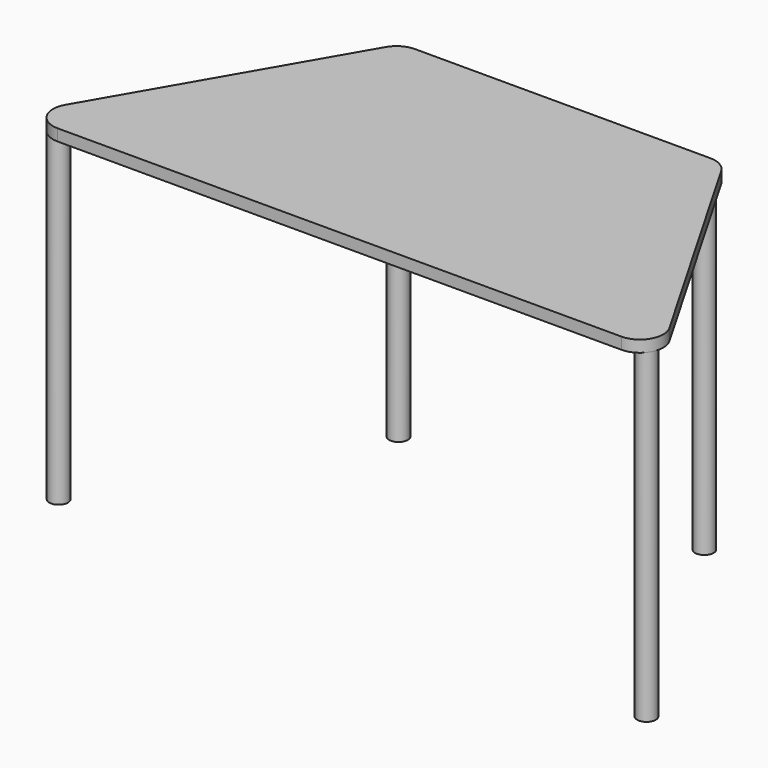
from build123d import *

# Parameters (mm, degrees)
F2_DEPTH = 25
F1_R     = 20
F3_DEPTH = 700
F4_R     = 49.99999


# Not quite as in the source:
# - a fillet or chamfer is up to 0.001 mm smaller than in the source, because OpenCascade refuses the exact size


with BuildPart() as f2:
    # F0 (on Top) → F2 (new body)
    with BuildSketch(Plane.XY):
        Polygon((0, 0), (0, 300), (-346.4101615138, 300), (-692.8203230276, -300), (0, -300), align=None)
        Polygon((346.4101615138, 300), (0, 300), (0, 0), (0, -300), (692.8203230276, -300), align=None)
    extrude(amount=F2_DEPTH)

    # F1 (on Top) → F3 (join)
    with BuildSketch(Plane.XY):
        with Locations((-328.9101615138, 269.6891108675)):
            Circle(F1_R)
        with Locations((-632.1985447626, -265)):
            Circle(F1_R)
        with Locations((328.9101615138, 269.6891108675)):
            Circle(F1_R)
        with Locations((632.1985447626, -265)):
            Circle(F1_R)
    extrude(amount=-F3_DEPTH)

    # F4 (radius 50 in the source; OpenCascade refuses exactly that, so slightly less here)
    f4_edges = [f2.edges().sort_by_distance(p)[0] for p in [
        (-692.820323, -300, 12.5),
        (-346.410162, 300, 12.5),
        (346.410162, 300, 12.5),
        (692.820323, -300, 12.5),
    ]]
    fillet(f4_edges, radius=F4_R)


solid = f2.part
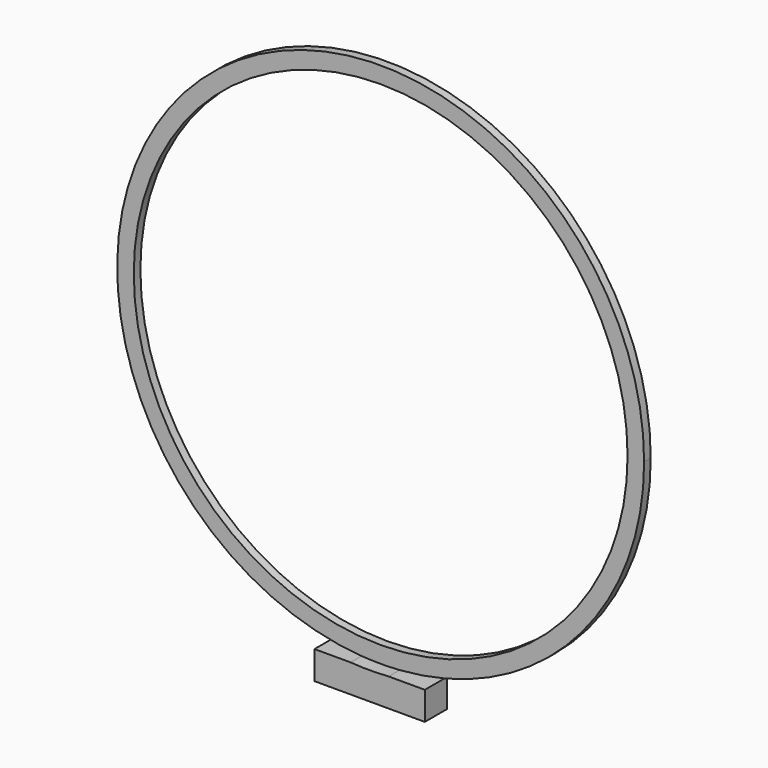
from build123d import *

# Parameters (mm, degrees)
F0_R     = 2425.7
F0_R_2   = 2273.3
F1_DEPTH = 76.2
F3_DEPTH = 127


# Not quite as in the source:
# - a feature of the source that left no trace in its solid (it failed there, or was rolled back) is left out


with BuildPart() as f1:
    # F0 (on Front) → F1 (new body)
    with BuildSketch(Plane.XZ):
        Circle(F0_R)
        Circle(F0_R_2, mode=Mode.SUBTRACT)
    extrude(amount=F1_DEPTH)

    # F2 (on face) → F3 (join, symmetric)
    with BuildSketch(Plane.XZ.offset(76.2)):
        with BuildLine():
            Line((508, -2419.35), (175.402586925, -2419.35))
            ThreePointArc((175.402586925, -2419.35), (0, -2425.7), (-175.402586925, -2419.35))
            Line((-175.402586925, -2419.35), (-508, -2419.35))
            Line((-508, -2419.35), (-508, -2679.7))
            Line((-508, -2679.7), (0, -2679.7))
            Line((0, -2679.7), (508, -2679.7))
            Line((508, -2679.7), (508, -2419.35))
        make_face()
    extrude(amount=F3_DEPTH, both=True)


solid = f1.part

• EXERCISE DETAILS
Could you write out, exactly as they stand, only the lines above that begin at the line with "(0, -300), align=None)" and stop after the line with "extrude(amount=F2_DEPTH)"?

• ANSWER SECTION
        Polygon((0, 0), (0, 300), (-346.4101615138, 300), (-692.8203230276, -300), (0, -300), align=None)
        Polygon((346.4101615138, 300), (0, 300), (0, 0), (0, -300), (692.8203230276, -300), align=None)
    extrude(amount=F2_DEPTH)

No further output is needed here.